▶ [WORK TASK] What is needed is an exact copy of the lines from the start of the records below through the line with "#6581 = EDGE_CURVE", without the pictures.

▶ [SOURCE INFORMATION]
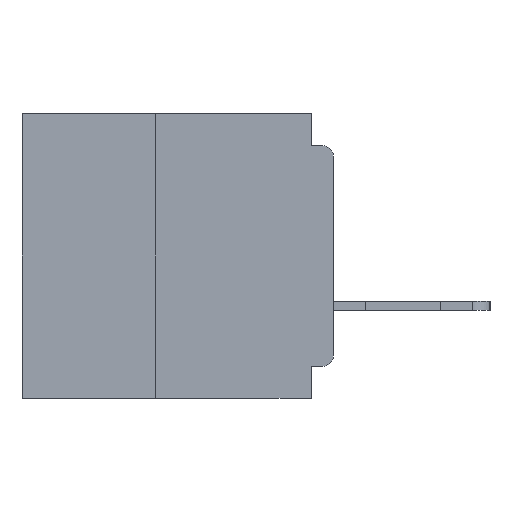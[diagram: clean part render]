
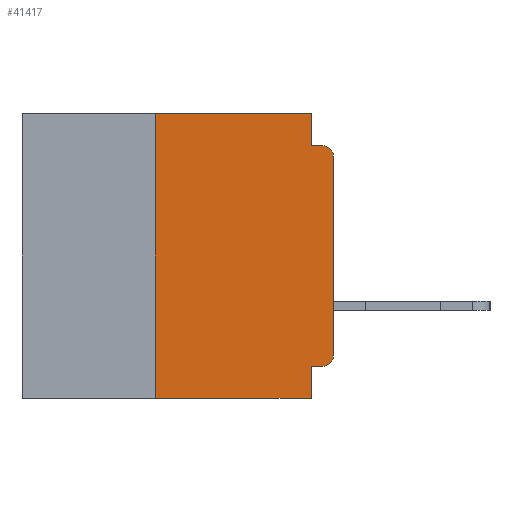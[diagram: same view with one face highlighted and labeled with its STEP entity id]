
A CAD part, left-side view. The second image highlights one B-rep face of the part: STEP entity #41417.
In plain terms, the highlighted planar face has unit normal (-1, 0, 0).
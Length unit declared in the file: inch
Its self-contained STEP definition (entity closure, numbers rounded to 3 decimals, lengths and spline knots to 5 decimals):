
#270 = ORIENTED_EDGE ( 'NONE', *, *, #37518, .F. ) ;
#757 = CIRCLE ( 'NONE', #42606, 0.015 ) ;
#1359 = CARTESIAN_POINT ( 'NONE',  ( 0., 0., 0. ) ) ;
#2219 = VECTOR ( 'NONE', #23431, 39.37008 ) ;
#2298 = CARTESIAN_POINT ( 'NONE',  ( 0., 0.031, -0.4 ) ) ;
#2348 = DIRECTION ( 'NONE',  ( 0., 0., -1. ) ) ;
#2912 = DIRECTION ( 'NONE',  ( 0., -1., 0. ) ) ;
#3357 = ORIENTED_EDGE ( 'NONE', *, *, #20473, .T. ) ;
#4061 = ORIENTED_EDGE ( 'NONE', *, *, #18182, .T. ) ;
#4286 = EDGE_LOOP ( 'NONE', ( #27255, #4061, #21557, #24669, #36073, #28350, #30140, #40835, #270, #3357 ) ) ;
#5017 = AXIS2_PLACEMENT_3D ( 'NONE', #39058, #19408, #42359 ) ;
#5201 = CARTESIAN_POINT ( 'NONE',  ( 0., 0.031, -0.045 ) ) ;
#5304 = DIRECTION ( 'NONE',  ( 0., -1., 0. ) ) ;
#5546 = EDGE_CURVE ( 'NONE', #13856, #38562, #11001, .T. ) ;
#6553 = CARTESIAN_POINT ( 'NONE',  ( 0., 0., -0.045 ) ) ;
#6581 = EDGE_CURVE ( 'NONE', #36708, #10749, #28885, .T. ) ;
#9034 = EDGE_CURVE ( 'NONE', #23269, #10209, #31044, .T. ) ;
#10209 = VERTEX_POINT ( 'NONE', #11330 ) ;
#10749 = VERTEX_POINT ( 'NONE', #30530 ) ;
#10911 = DIRECTION ( 'NONE',  ( 0., 0., -1. ) ) ;
#11001 = LINE ( 'NONE', #23901, #2219 ) ;
#11330 = CARTESIAN_POINT ( 'NONE',  ( 0., 0., -0.06 ) ) ;
#12101 = CARTESIAN_POINT ( 'NONE',  ( 0., 0., -0.355 ) ) ;
#12274 = VERTEX_POINT ( 'NONE', #42093 ) ;
#12317 = LINE ( 'NONE', #34787, #30834 ) ;
#12700 = VERTEX_POINT ( 'NONE', #17436 ) ;
#13759 = LINE ( 'NONE', #22932, #22453 ) ;
#13856 = VERTEX_POINT ( 'NONE', #33146 ) ;
#14087 = CARTESIAN_POINT ( 'NONE',  ( 0., 0.437, 0. ) ) ;
#14113 = LINE ( 'NONE', #6553, #39233 ) ;
#15537 = EDGE_CURVE ( 'NONE', #18522, #13856, #30827, .T. ) ;
#15579 = LINE ( 'NONE', #12101, #32044 ) ;
#16765 = VERTEX_POINT ( 'NONE', #41863 ) ;
#16776 = CARTESIAN_POINT ( 'NONE',  ( 0., 0.015, -0.06 ) ) ;
#17436 = CARTESIAN_POINT ( 'NONE',  ( 0., 0.015, -0.045 ) ) ;
#18182 = EDGE_CURVE ( 'NONE', #10209, #12700, #757, .T. ) ;
#18427 = CARTESIAN_POINT ( 'NONE',  ( 0., 0.25, 0. ) ) ;
#18522 = VERTEX_POINT ( 'NONE', #18427 ) ;
#18667 = CIRCLE ( 'NONE', #5017, 0.015 ) ;
#19408 = DIRECTION ( 'NONE',  ( -1., 0., 0. ) ) ;
#20026 = DIRECTION ( 'NONE',  ( 0., 0., -1. ) ) ;
#20121 = VECTOR ( 'NONE', #2348, 39.37008 ) ;
#20473 = EDGE_CURVE ( 'NONE', #12274, #23269, #18667, .T. ) ;
#21222 = VECTOR ( 'NONE', #34311, 39.37008 ) ;
#21557 = ORIENTED_EDGE ( 'NONE', *, *, #32057, .F. ) ;
#22453 = VECTOR ( 'NONE', #32864, 39.37008 ) ;
#22776 = EDGE_CURVE ( 'NONE', #16765, #10749, #12317, .T. ) ;
#22932 = CARTESIAN_POINT ( 'NONE',  ( 0., 0.25, -0.4 ) ) ;
#23269 = VERTEX_POINT ( 'NONE', #40578 ) ;
#23431 = DIRECTION ( 'NONE',  ( 0., 0., -1. ) ) ;
#23901 = CARTESIAN_POINT ( 'NONE',  ( 0., 0.031, 0. ) ) ;
#24066 = CARTESIAN_POINT ( 'NONE',  ( 0., 0.031, -0.355 ) ) ;
#24669 = ORIENTED_EDGE ( 'NONE', *, *, #5546, .F. ) ;
#27255 = ORIENTED_EDGE ( 'NONE', *, *, #9034, .T. ) ;
#27301 = PLANE ( 'NONE',  #36693 ) ;
#28350 = ORIENTED_EDGE ( 'NONE', *, *, #36480, .F. ) ;
#28885 = LINE ( 'NONE', #2298, #20121 ) ;
#29263 = CARTESIAN_POINT ( 'NONE',  ( 0., 0.437, 0. ) ) ;
#29624 = FACE_OUTER_BOUND ( 'NONE', #4286, .T. ) ;
#30140 = ORIENTED_EDGE ( 'NONE', *, *, #22776, .T. ) ;
#30530 = CARTESIAN_POINT ( 'NONE',  ( 0., 0.031, -0.4 ) ) ;
#30618 = DIRECTION ( 'NONE',  ( 1., 0., 0. ) ) ;
#30827 = LINE ( 'NONE', #29263, #39482 ) ;
#30834 = VECTOR ( 'NONE', #5304, 39.37008 ) ;
#31044 = LINE ( 'NONE', #1359, #21222 ) ;
#31785 = DIRECTION ( 'NONE',  ( 0., 1., 0. ) ) ;
#32044 = VECTOR ( 'NONE', #31785, 39.37008 ) ;
#32057 = EDGE_CURVE ( 'NONE', #38562, #12700, #14113, .T. ) ;
#32864 = DIRECTION ( 'NONE',  ( 0., 0., 1. ) ) ;
#33146 = CARTESIAN_POINT ( 'NONE',  ( 0., 0.031, 0. ) ) ;
#34311 = DIRECTION ( 'NONE',  ( 0., 0., 1. ) ) ;
#34787 = CARTESIAN_POINT ( 'NONE',  ( 0., 0.437, -0.4 ) ) ;
#36073 = ORIENTED_EDGE ( 'NONE', *, *, #15537, .F. ) ;
#36480 = EDGE_CURVE ( 'NONE', #16765, #18522, #13759, .T. ) ;
#36693 = AXIS2_PLACEMENT_3D ( 'NONE', #14087, #30618, #10911 ) ;
#36708 = VERTEX_POINT ( 'NONE', #24066 ) ;
#37518 = EDGE_CURVE ( 'NONE', #12274, #36708, #15579, .T. ) ;
#38562 = VERTEX_POINT ( 'NONE', #5201 ) ;
#39058 = CARTESIAN_POINT ( 'NONE',  ( 0., 0.015, -0.34 ) ) ;
#39233 = VECTOR ( 'NONE', #39287, 39.37008 ) ;
#39287 = DIRECTION ( 'NONE',  ( 0., -1., 0. ) ) ;
#39482 = VECTOR ( 'NONE', #2912, 39.37008 ) ;
#39666 = DIRECTION ( 'NONE',  ( -1., 0., 0. ) ) ;
#40578 = CARTESIAN_POINT ( 'NONE',  ( 0., 0., -0.34 ) ) ;
#40835 = ORIENTED_EDGE ( 'NONE', *, *, #6581, .F. ) ;
#41417 = ADVANCED_FACE ( 'NONE', ( #29624 ), #27301, .F. ) ;
#41863 = CARTESIAN_POINT ( 'NONE',  ( 0., 0.25, -0.4 ) ) ;
#42093 = CARTESIAN_POINT ( 'NONE',  ( 0., 0.015, -0.355 ) ) ;
#42359 = DIRECTION ( 'NONE',  ( 0., 0., -1. ) ) ;
#42606 = AXIS2_PLACEMENT_3D ( 'NONE', #16776, #39666, #20026 ) ;

▶ [RESULT OF THE TASK]
[diagram: clean part render]
[diagram: same view with one face highlighted and labeled with its STEP entity id]
A CAD part, left-side view. The second image highlights one B-rep face of the part: STEP entity #41417.
In plain terms, the highlighted planar face has unit normal (-1, 0, 0).
Length unit declared in the file: inch
Its self-contained STEP definition (entity closure, numbers rounded to 3 decimals, lengths and spline knots to 5 decimals):
#270 = ORIENTED_EDGE ( 'NONE', *, *, #37518, .F. ) ;
#757 = CIRCLE ( 'NONE', #42606, 0.015 ) ;
#1359 = CARTESIAN_POINT ( 'NONE',  ( 0., 0., 0. ) ) ;
#2219 = VECTOR ( 'NONE', #23431, 39.37008 ) ;
#2298 = CARTESIAN_POINT ( 'NONE',  ( 0., 0.031, -0.4 ) ) ;
#2348 = DIRECTION ( 'NONE',  ( 0., 0., -1. ) ) ;
#2912 = DIRECTION ( 'NONE',  ( 0., -1., 0. ) ) ;
#3357 = ORIENTED_EDGE ( 'NONE', *, *, #20473, .T. ) ;
#4061 = ORIENTED_EDGE ( 'NONE', *, *, #18182, .T. ) ;
#4286 = EDGE_LOOP ( 'NONE', ( #27255, #4061, #21557, #24669, #36073, #28350, #30140, #40835, #270, #3357 ) ) ;
#5017 = AXIS2_PLACEMENT_3D ( 'NONE', #39058, #19408, #42359 ) ;
#5201 = CARTESIAN_POINT ( 'NONE',  ( 0., 0.031, -0.045 ) ) ;
#5304 = DIRECTION ( 'NONE',  ( 0., -1., 0. ) ) ;
#5546 = EDGE_CURVE ( 'NONE', #13856, #38562, #11001, .T. ) ;
#6553 = CARTESIAN_POINT ( 'NONE',  ( 0., 0., -0.045 ) ) ;
#6581 = EDGE_CURVE ( 'NONE', #36708, #10749, #28885, .T. ) ;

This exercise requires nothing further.